Its crystal clear that this code is embarrassingly parallel, since all pixels are independant from each other.

A first trivial optimization would therefore to make the first loop parallel:

public static void Run(int[] light)
{
    Parallel.For(0, N, (i) => {
        for (int j = 0; j < N; j += 1)
        {
            float x = fromX + i * h;
            float y = fromY + j * h;
            light[i * N + j] = IterCount(x, y);
        }
    });
}

This second version runs in 67 milliseconds, giving:

62.6 millions pixels / second

Run on the GPU

In order to run that on a GPU, we just need to decorate the Run method with EntryPointAttribute:

[EntryPoint("run")]
public static void Run(int[] light)
{
    Parallel.For(0, N, (i) => {
        for (int j = 0; j < N; j += 1)
        {
            float x = fromX + i * h;
            float y = fromY + j * h;
            light[i * N + j] = IterCount(x, y);
        }
    });
}

and some boilerplate code to invoke the generated method:

HybRunner runner = HybRunner.Cuda("Mandelbrot_CUDA.dll").SetDistrib(N, 128);
wrapper = runner.Wrap(new Program());
wrapper.Run(light_cuda);

This modified code runs on the GPU (a 1080 Ti) in 10.6 milliseconds (32 when counting the memory copies), giving:

395.7 millions pixels / second

Further optimization

Launching a block per image line is highly suboptimal, due to the unevenly distribute nature of the computations. For example, threads at the square’s border will immediately converge, while those on the set will take the longest runtime.
This can be seen by profiling the above code using Nsight:

As we can see, half of multiprocessors are idle.
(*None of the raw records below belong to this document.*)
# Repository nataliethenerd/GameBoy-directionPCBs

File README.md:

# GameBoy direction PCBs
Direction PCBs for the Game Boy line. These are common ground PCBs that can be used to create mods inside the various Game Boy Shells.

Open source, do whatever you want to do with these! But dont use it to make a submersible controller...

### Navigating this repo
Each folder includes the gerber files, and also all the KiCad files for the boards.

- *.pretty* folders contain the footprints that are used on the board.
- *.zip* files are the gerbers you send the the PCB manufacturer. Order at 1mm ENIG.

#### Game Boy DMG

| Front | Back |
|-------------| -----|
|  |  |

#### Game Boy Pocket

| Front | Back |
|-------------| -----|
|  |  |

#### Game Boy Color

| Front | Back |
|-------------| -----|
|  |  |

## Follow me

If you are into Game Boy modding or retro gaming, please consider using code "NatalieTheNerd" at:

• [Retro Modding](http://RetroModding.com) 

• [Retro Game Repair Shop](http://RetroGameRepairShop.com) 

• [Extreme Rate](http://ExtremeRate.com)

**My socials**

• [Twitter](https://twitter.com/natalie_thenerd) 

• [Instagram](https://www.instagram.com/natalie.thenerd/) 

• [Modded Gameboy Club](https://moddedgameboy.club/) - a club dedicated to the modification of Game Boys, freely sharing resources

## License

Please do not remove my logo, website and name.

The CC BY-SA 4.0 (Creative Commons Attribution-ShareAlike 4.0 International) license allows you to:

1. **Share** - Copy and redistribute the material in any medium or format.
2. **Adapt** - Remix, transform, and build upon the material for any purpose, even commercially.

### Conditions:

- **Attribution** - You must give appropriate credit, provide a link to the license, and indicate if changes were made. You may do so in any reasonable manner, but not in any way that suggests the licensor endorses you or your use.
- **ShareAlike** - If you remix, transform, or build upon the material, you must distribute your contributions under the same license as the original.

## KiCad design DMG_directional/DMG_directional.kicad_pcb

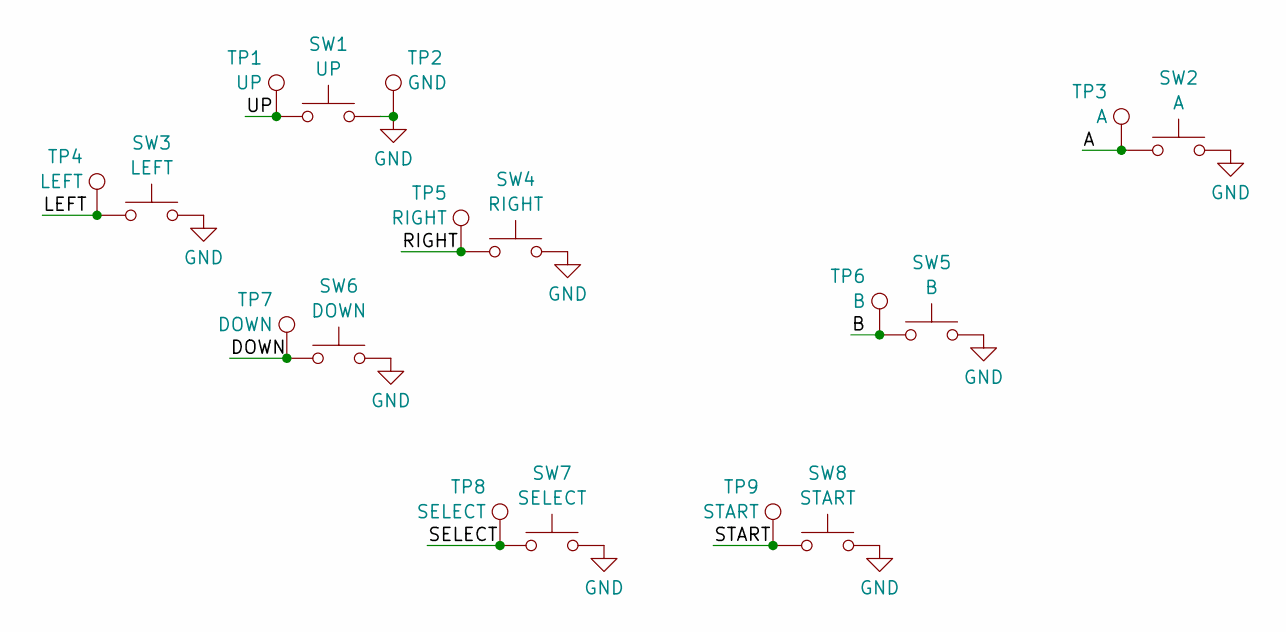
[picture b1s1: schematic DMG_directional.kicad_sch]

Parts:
SW1: UP; Dpad_DMG
SW2: A; AB_DMG
SW3: LEFT; Dpad_DMG
SW4: RIGHT; Dpad_DMG
SW5: B; AB_DMG
SW6: DOWN; Dpad_DMG
SW7: SELECT; Select_DMG
SW8: START; Start_DMG
TP1: UP; TestPoint_THTPad_D1.5mm_Drill0.7mm
TP2: GND; TestPoint_THTPad_D1.5mm_Drill0.7mm
TP3: A; TestPoint_THTPad_D1.5mm_Drill0.7mm
TP4: LEFT; TestPoint_THTPad_D1.5mm_Drill0.7mm
TP5: RIGHT; TestPoint_THTPad_D1.5mm_Drill0.7mm
TP6: B; TestPoint_THTPad_D1.5mm_Drill0.7mm
TP7: DOWN; TestPoint_THTPad_D1.5mm_Drill0.7mm
TP8: SELECT; TestPoint_THTPad_D1.5mm_Drill0.7mm
TP9: START; TestPoint_THTPad_D1.5mm_Drill0.7mm

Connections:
/A: SW2.2, TP3.1
/B: SW5.2, TP6.1
/DOWN: SW6.2, TP7.1
/LEFT: SW3.1, TP4.1
/RIGHT: SW4.2, TP5.1
/SELECT: SW7.1, TP8.1
/START: SW8.1, TP9.1
/UP: SW1.1, TP1.1
GND: SW1.2, SW2.1, SW3.2, SW4.1, SW5.1, SW6.1, SW7.2, SW8.2, TP2.1

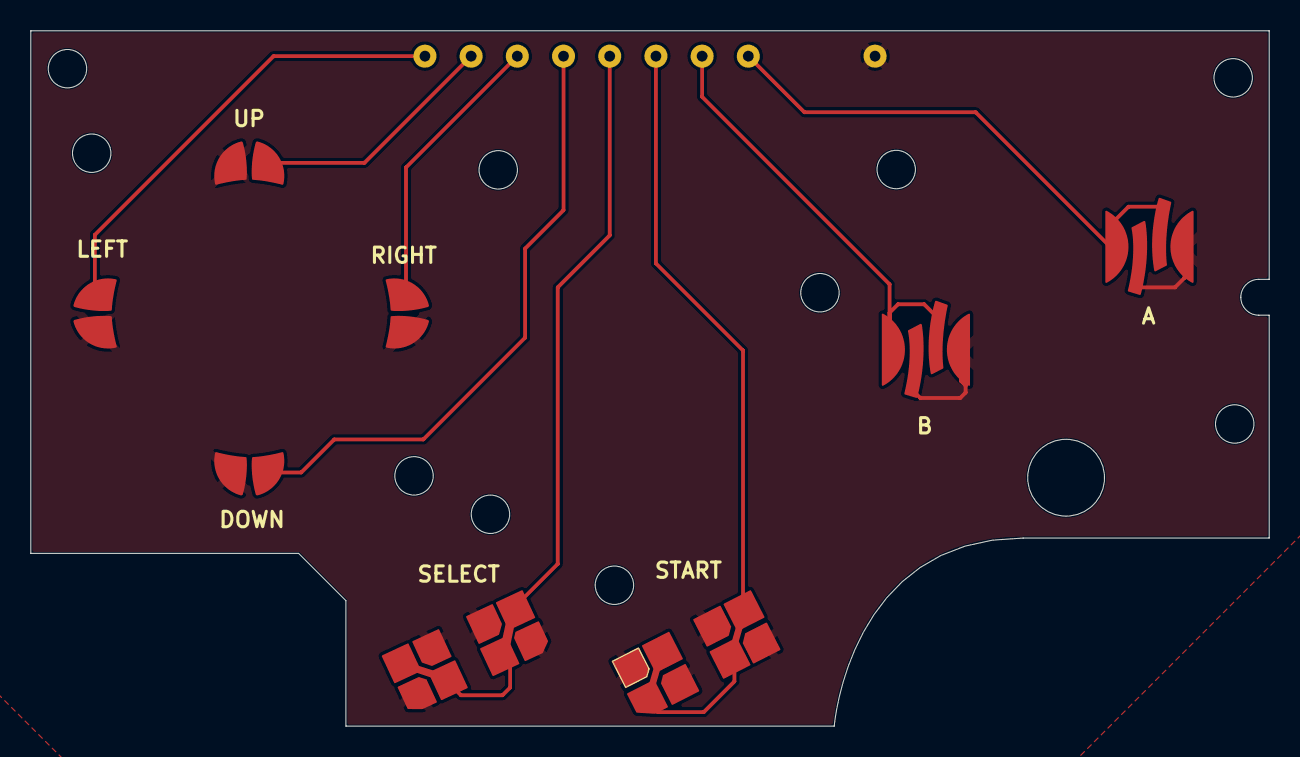
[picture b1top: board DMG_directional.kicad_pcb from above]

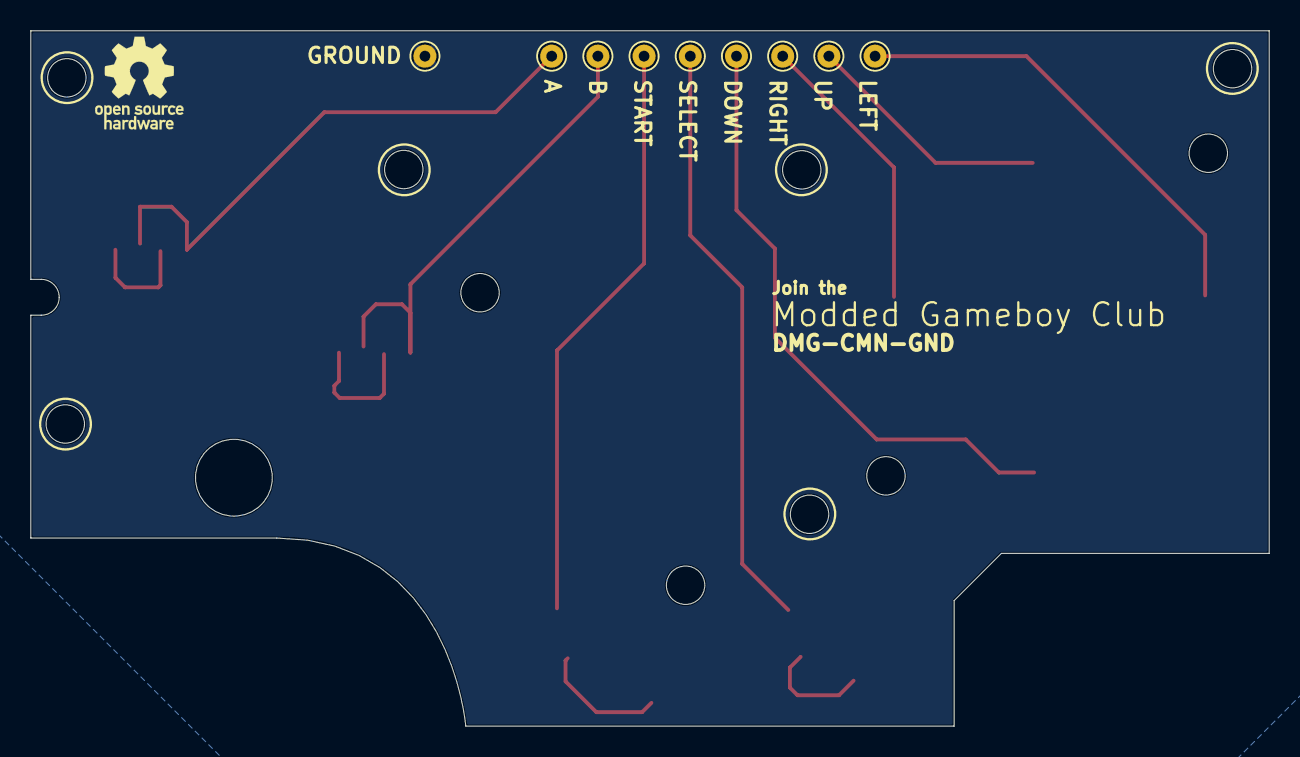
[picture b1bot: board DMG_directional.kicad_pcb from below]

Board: 2 copper layers, 80.6 x 45.3 mm, 17 parts (9 on the bottom side), 9 nets.

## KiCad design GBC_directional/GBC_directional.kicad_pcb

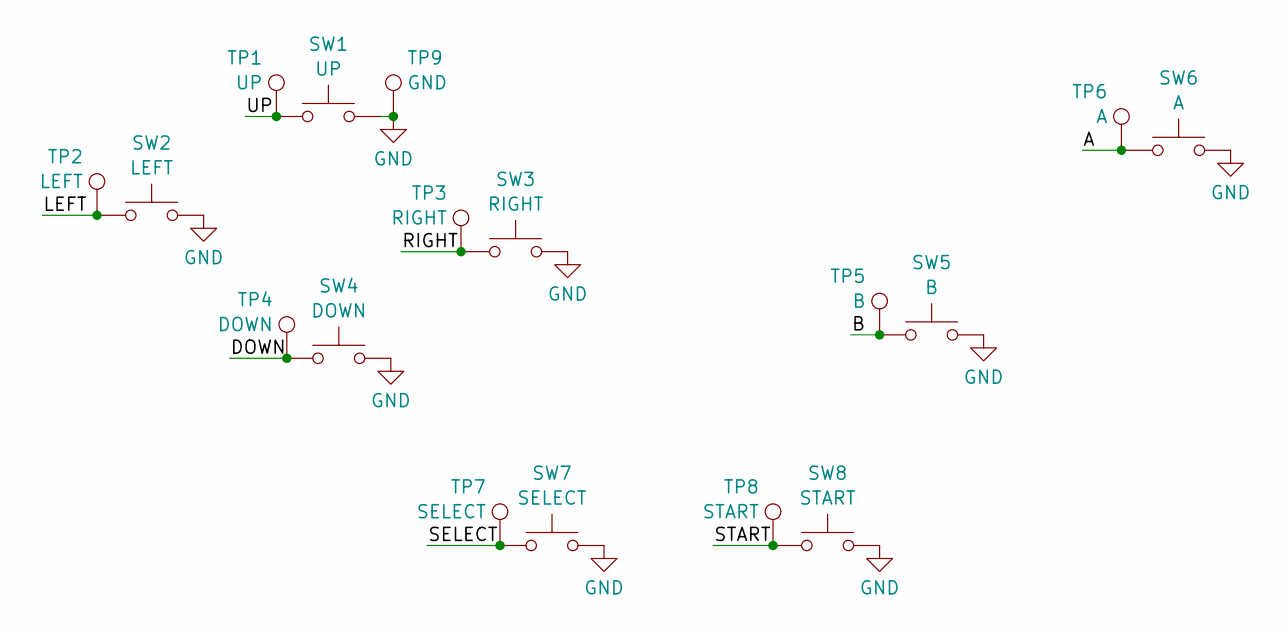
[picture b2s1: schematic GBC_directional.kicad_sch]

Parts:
SW1: UP; Dpad CGB
SW2: LEFT; Dpad CGB
SW3: RIGHT; Dpad CGB
SW4: DOWN; Dpad CGB
SW5: B; AB CGB
SW6: A; AB CGB
SW7: SELECT; Select CGB
SW8: START; Start CGB
TP1: UP; TestPoint_THTPad_D1.5mm_Drill0.7mm
TP2: LEFT; TestPoint_THTPad_D1.5mm_Drill0.7mm
TP3: RIGHT; TestPoint_THTPad_D1.5mm_Drill0.7mm
TP4: DOWN; TestPoint_THTPad_D1.5mm_Drill0.7mm
TP5: B; TestPoint_THTPad_D1.5mm_Drill0.7mm
TP6: A; TestPoint_THTPad_D1.5mm_Drill0.7mm
TP7: SELECT; TestPoint_THTPad_D1.5mm_Drill0.7mm
TP8: START; TestPoint_THTPad_D1.5mm_Drill0.7mm
TP9: GND; TestPoint_THTPad_D1.5mm_Drill0.7mm

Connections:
/A: SW6.2, TP6.1
/B: SW5.2, TP5.1
/DOWN: SW4.2, TP4.1
/LEFT: SW2.1, TP2.1
/RIGHT: SW3.2, TP3.1
/SELECT: SW7.2, TP7.1
/START: SW8.2, TP8.1
/UP: SW1.1, TP1.1
GND: SW1.2, SW2.2, SW3.1, SW4.1, SW5.1, SW6.1, SW7.1, SW8.1, TP9.1

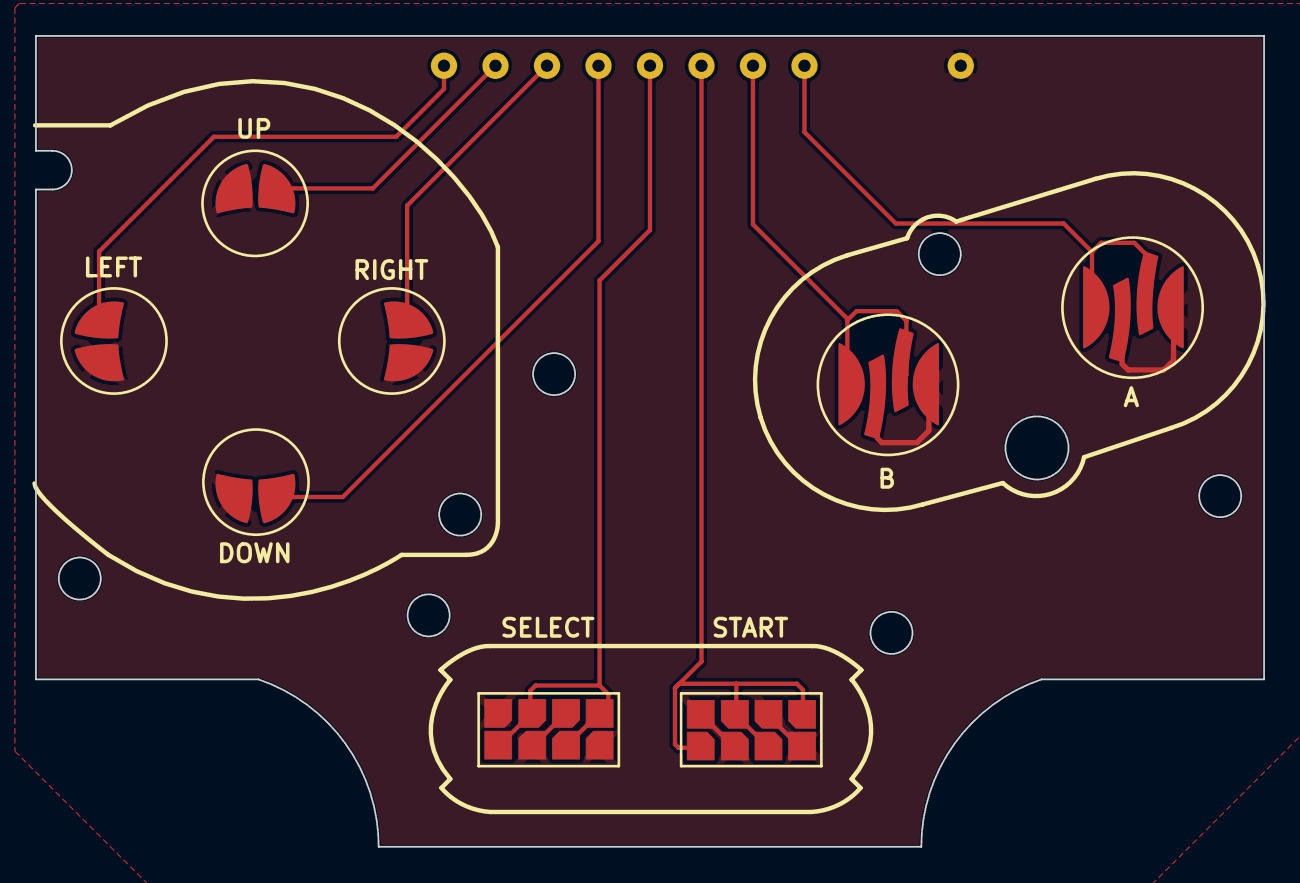
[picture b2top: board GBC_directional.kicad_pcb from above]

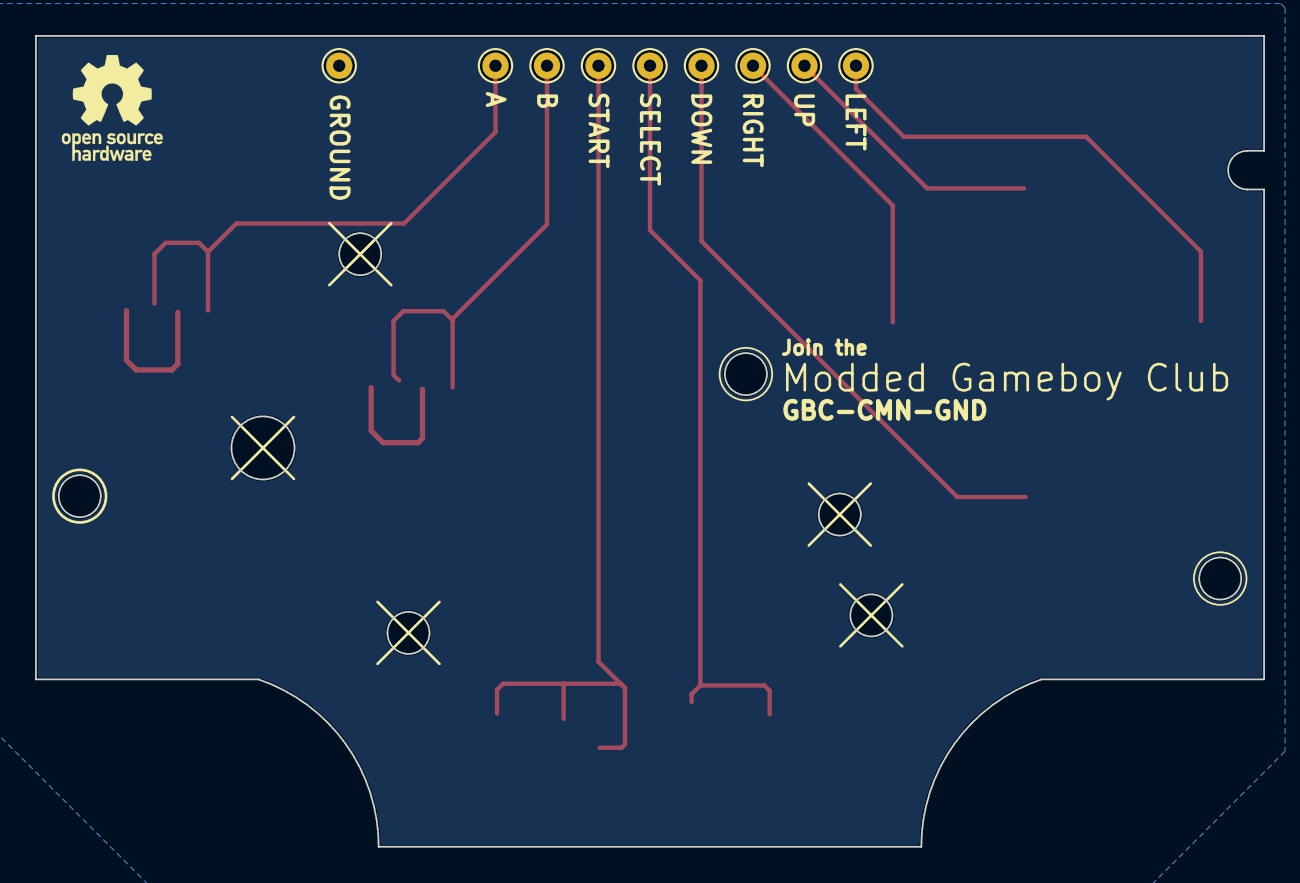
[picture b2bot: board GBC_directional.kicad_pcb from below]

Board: 2 copper layers, 70.0 x 46.2 mm, 17 parts (9 on the bottom side), 9 nets.

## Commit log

2025-07-11 gbc added
2025-07-12 pocket
2025-07-12 added dmg

We can instead distribute the work more evenly by using a 2D grid of relatively small blocks.

Fortunately, Hybridizer supports CUDA-like parallelism, so we can modify our entrypoint this way:

[EntryPoint("run")]
public static void Run(int[] light)
{
    for (int i = threadIdx.y + blockDim.y * blockIdx.y; i < N; i += blockDim.x * gridDim.x)
    {
        for (int j = threadIdx.x + blockDim.x * blockIdx.x; j < N; j += blockDim.y * gridDim.y)
        {
            float x = fromX + i * h;
            float y = fromY + j * h;
            light[i * N + j] = IterCount(x, y);
        }
    }
}

and run it with a 2D grid:

HybRunner runner = HybRunner.Cuda("Mandelbrot_CUDA.dll").SetDistrib(32, 32, 16, 16, 1, 0);

The modified code runs now in 920 microseconds on the GPU, meaning:

4.56 billions pixels / second

If we profile the newly generated kernel, we get:

main stall reason being “Other” with 69% followed by instruction fetch for only 5% of not eligible warps.
It’s reasonable to not try further optimization.

Conclusion

In this post we presented a basic usage of hybridizer, from unoptimal c# to highly efficient generated cuda code. We started by optimize our c# code and the migrated it seamlessly to CUDA.
We then optimized our c# code for CUDA GPUs, until we reached a close to peak performance level.